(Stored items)
******************************

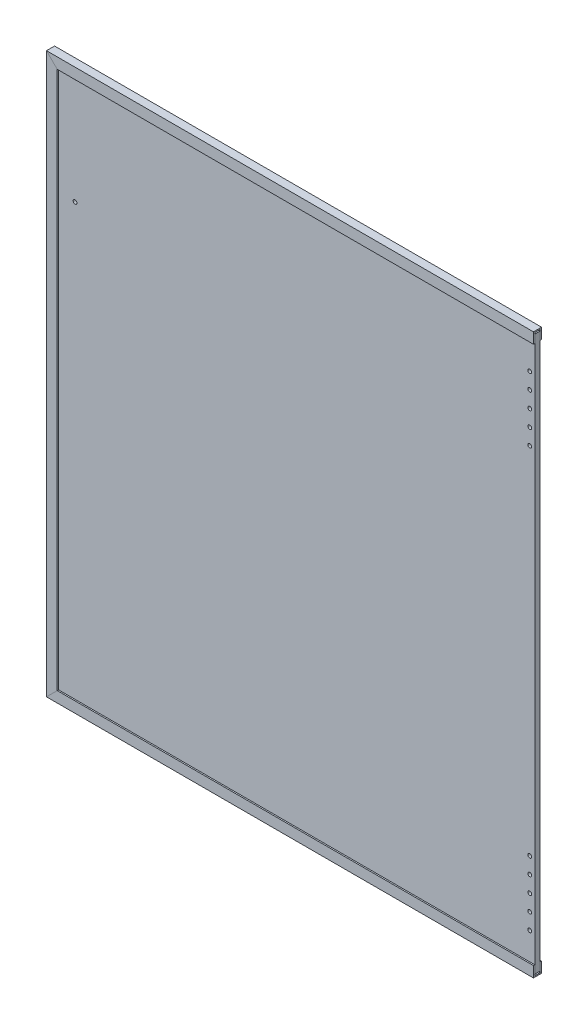
SolidWorks part; units mm, degrees
material "PC High Viscosity"
ref_plane "Front Plane" through (0, 0, 0) normal (0, 0, 1) x (1, 0, 0)
ref_plane "Top Plane" through (0, 0, 0) normal (0, 1, 0) x (1, 0, 0)
ref_plane "Right Plane" through (0, 0, 0) normal (1, 0, 0) x (0, 0, -1)
sketch "Shelf opening" plane through (0, 0, 0) normal (0, 0, 1) x (1, 0, 0)
  line L1 (0, 0) -> (577.85, 0)
  line L2 (0, 0) -> (0, 635)
  line L3 (0, 635) -> (577.85, 635)
  line L4 (577.85, 0) -> (577.85, 635)
  dimension "D1" = 577.85
  dimension "D2" = 635
sketch "Sketch2" plane through (0, 0, 0) normal (0, 0, 1) x (1, 0, 0)
  line L0 (577.85, 0) -> (577.85, 635) construction
  line L1 (3.175, 647.7) -> (577.85, 647.7)
  line L2 (3.175, 647.7) -> (3.175, -12.7)
  line L3 (3.175, -12.7) -> (577.85, -12.7)
  line L4 (577.85, 647.7) -> (577.85, -12.7)
  line L5 (0, 635) -> (577.85, 635) construction
  line L6 (0, 0) -> (0, 635) construction
  line L7 (0, 0) -> (577.85, 0) construction
  dimension "D1" = 12.7
  dimension "D2" = 3.175
  dimension "D3" = 12.7
extrude "Frame outer dimensions" add sketch "Sketch2" along normal mid plane 9.525
sketch "Sketch3" plane through (0, 0, 4.7625) normal (0, 0, 1) x (1, 0, 0)
  line L0 (577.85, -12.7) -> (577.85, 647.7) construction
  line L1 (577.85, 635) -> (15.875, 635)
  line L2 (577.85, 635) -> (577.85, 0)
  line L3 (577.85, 0) -> (15.875, 0)
  line L4 (15.875, 635) -> (15.875, 0)
  line L5 (577.85, 647.7) -> (3.175, 647.7) construction
  line L6 (3.175, 647.7) -> (3.175, -12.7) construction
  line L7 (3.175, -12.7) -> (577.85, -12.7) construction
  dimension "D1" = 12.7
  dimension "D2" = 12.7
  dimension "D3" = 12.7
extrude "Frame inner dimensions" cut sketch "Sketch3" against normal through all
sketch "Sketch4" plane through (0, 0, 0) normal (0, 0, 1) x (1, 0, 0)
  line L0 (577.85, 635) -> (577.85, 647.7) construction
  line L1 (577.85, 646.1125) -> (4.7625, 646.1125)
  line L2 (577.85, 646.1125) -> (577.85, -11.1125)
  line L3 (577.85, -11.1125) -> (4.7625, -11.1125)
  line L4 (4.7625, 646.1125) -> (4.7625, -11.1125)
  line L5 (577.85, 647.7) -> (3.175, 647.7) construction
  line L6 (3.175, 647.7) -> (3.175, -12.7) construction
  line L7 (3.175, -12.7) -> (577.85, -12.7) construction
  dimension "D1" = 1.5875
  dimension "D2" = 1.5875
  dimension "D3" = 1.5875
extrude "Frame profile" cut sketch "Sketch4" along normal offset from surface 1.5875 and the other way offset from surface 1.5875 up to face at (293.6875, 317.5, 4.7625) other way up to face at (293.6875, 317.5, -4.7625)
sketch "Frame sections" plane through (0, 0, 4.7625) normal (0, 0, 1) x (1, 0, 0)
  line L0 (3.175, 647.7) -> (15.875, 635)
  line L1 (3.175, -12.7) -> (15.875, 0)
split "Frame section split" trim tools "Frame sections" bodies to split 103 resulting bodies 105 106 107
sketch "Sketch5" plane through (0, 0, 0) normal (0, 0, 1) x (1, 0, 0)
  line L0 (577.85, 635) -> (577.85, 647.7) construction
  line L1 (577.85, 644.525) -> (6.35, 644.525)
  line L2 (577.85, 644.525) -> (577.85, -9.525)
  line L3 (577.85, -9.525) -> (6.35, -9.525)
  line L4 (6.35, 644.525) -> (6.35, -9.525)
  line L5 (4.7625, 646.1125) -> (577.85, 646.1125) construction
  line L6 (4.7625, -11.1125) -> (4.7625, 646.1125) construction
  line L7 (577.85, -11.1125) -> (4.7625, -11.1125) construction
  dimension "D1" = 1.5875
  dimension "D2" = 1.5875
  dimension "D3" = 1.5875
  dimension "D4" = 571.5
  dimension "D5" = 654.05
extrude "Door panel" add sketch "Sketch5" along normal mid plane 5.588 separate body
sketch "Hinge positions" plane through (0, 0, 2.794) normal (0, 0, 1) x (1, 0, 0)
  line L0 (577.85, -9.525) -> (577.85, 644.525) construction
  line L1 (577.85, 612.775) -> (565.15, 612.775)
  line L2 (577.85, 612.775) -> (577.85, 517.525)
  line L3 (577.85, 517.525) -> (565.15, 517.525)
  line L4 (565.15, 612.775) -> (565.15, 517.525)
  line L5 (565.15, 117.475) -> (577.85, 117.475)
  line L6 (565.15, 117.475) -> (565.15, 22.225)
  line L7 (565.15, 22.225) -> (577.85, 22.225)
  line L8 (577.85, 117.475) -> (577.85, 22.225)
  line L10 (0, 0) -> (577.85, 0) construction
  line L11 (0, 635) -> (577.85, 635) construction
  dimension "D1" = 95.25
  dimension "D2" = 12.7
  dimension "D3" = 22.225
  dimension "D4" = 22.225
  dimension "D5" = 495.3
sketch "Sketch8" plane through (0, 0, 2.794) normal (0, 0, 1) x (1, 0, 0)
  line L0 (565.15, 69.85) -> (577.85, 69.85) construction
  line L2 (565.15, 117.475) -> (565.15, 22.225) construction
  line L3 (577.85, 117.475) -> (577.85, 22.225) construction
  line L4 (565.15, 565.15) -> (577.85, 565.15) construction
  line L6 (565.15, 612.775) -> (565.15, 517.525) construction
  line L7 (577.85, 612.775) -> (577.85, 517.525) construction
  point P0 (571.5, 31.75)
  point P11 (571.5, 50.8)
  point P12 (571.5, 69.85)
  point P13 (571.5, 88.9)
  point P14 (571.5, 107.95)
  point P15 (571.5, 546.1)
  point P16 (571.5, 565.15)
  point P17 (571.5, 584.2)
  point P18 (571.5, 603.25)
  point P19 (571.5, 527.05)
  dimension "D3" = 19.05
  dimension "D1" = 5
  dimension "D2" = 2
hole_wizard "#8 Clearance Hole1" positions "Sketch8" profile "Sketch9" hole size "#8" standard "ANSI Inch" end condition through all
sketch "Sketch9" plane through (571.5, 31.75, 2.794) normal (1, 0, 0) x (0, -1, 0)
  line L0 (0, 0) -> (0, 7.5565)
  line L1 (0, 7.5565) -> (2.2479, 7.5565)
  line L2 (2.2479, 7.5565) -> (2.2479, 0)
  line L5 (2.2479, 0) -> (0, 0)
  line L11 (0, -6.35) -> (0, 107.95) construction
  dimension "Thru Hole Dia." = 4.4958
  dimension "Thru Hole Depth" = 7.5565
sketch "Handle positions" plane through (0, 0, 2.794) normal (0, 0, 1) x (1, 0, 0)
  line L1 (6.35, 644.525) -> (44.45, 644.525)
  line L2 (6.35, 644.525) -> (6.35, 495.3)
  line L3 (6.35, 495.3) -> (44.45, 495.3)
  line L4 (44.45, 644.525) -> (44.45, 495.3)
  line L5 (6.35, 644.525) -> (6.35, -9.525) construction
  line L6 (577.85, 644.525) -> (6.35, 644.525) construction
  dimension "D1" = 149.225
  dimension "D2" = 38.1
sketch "Sketch11" plane through (0, 0, 2.794) normal (0, 0, 1) x (1, 0, 0)
  line L0 (34.925, 508) -> (34.925, 635) construction
  line L2 (6.35, 644.525) -> (6.35, 495.3) construction
  line L3 (6.35, 644.525) -> (44.45, 644.525) construction
  point P0 (34.925, 635)
  point P2 (34.925, 508)
  dimension "D1" = 28.575
  dimension "D2" = 9.525
  dimension "D3" = 136.525
hole_wizard "#8 Clearance Hole2" positions "Sketch11" profile "Sketch12" hole size "#8" standard "ANSI Inch" end condition through all
sketch "Sketch12" plane through (34.925, 635, 2.794) normal (1, 0, 0) x (0, -1, 0)
  line L0 (0, 0) -> (0, 7.5565)
  line L1 (0, 7.5565) -> (2.2479, 7.5565)
  line L2 (2.2479, 7.5565) -> (2.2479, 0)
  line L5 (2.2479, 0) -> (0, 0)
  line L11 (0, -6.35) -> (0, 107.95) construction
  dimension "Thru Hole Dia." = 4.4958
  dimension "Thru Hole Depth" = 7.5565
mirror "Mirror1" about plane through (0, 0, 0) normal (1, 0, 0) of bodies 105 106 107 114 108
delete or keep bodies "Body-Delete/Keep 1" type keep bodies bodies 105 106 107 114
delete or keep bodies "Body-Delete/Keep 2" [suppressed] type keep bodies bodies 109 110 111 112

******************************

### [PROBLEM]
From the line holding "line L1 (3.175, -12.7) -> (15.875, 0)" to the line holding "line L4 (565.15, 612.775)", inclusive, restate each line above exactly as written.

### [ANSWER]
  line L1 (3.175, -12.7) -> (15.875, 0)
split "Frame section split" trim tools "Frame sections" bodies to split 103 resulting bodies 105 106 107
sketch "Sketch5" plane through (0, 0, 0) normal (0, 0, 1) x (1, 0, 0)
  line L0 (577.85, 635) -> (577.85, 647.7) construction
  line L1 (577.85, 644.525) -> (6.35, 644.525)
  line L2 (577.85, 644.525) -> (577.85, -9.525)
  line L3 (577.85, -9.525) -> (6.35, -9.525)
  line L4 (6.35, 644.525) -> (6.35, -9.525)
  line L5 (4.7625, 646.1125) -> (577.85, 646.1125) construction
  line L6 (4.7625, -11.1125) -> (4.7625, 646.1125) construction
  line L7 (577.85, -11.1125) -> (4.7625, -11.1125) construction
  dimension "D1" = 1.5875
  dimension "D2" = 1.5875
  dimension "D3" = 1.5875
  dimension "D4" = 571.5
  dimension "D5" = 654.05
extrude "Door panel" add sketch "Sketch5" along normal mid plane 5.588 separate body
sketch "Hinge positions" plane through (0, 0, 2.794) normal (0, 0, 1) x (1, 0, 0)
  line L0 (577.85, -9.525) -> (577.85, 644.525) construction
  line L1 (577.85, 612.775) -> (565.15, 612.775)
  line L2 (577.85, 612.775) -> (577.85, 517.525)
  line L3 (577.85, 517.525) -> (565.15, 517.525)
  line L4 (565.15, 612.775) -> (565.15, 517.525)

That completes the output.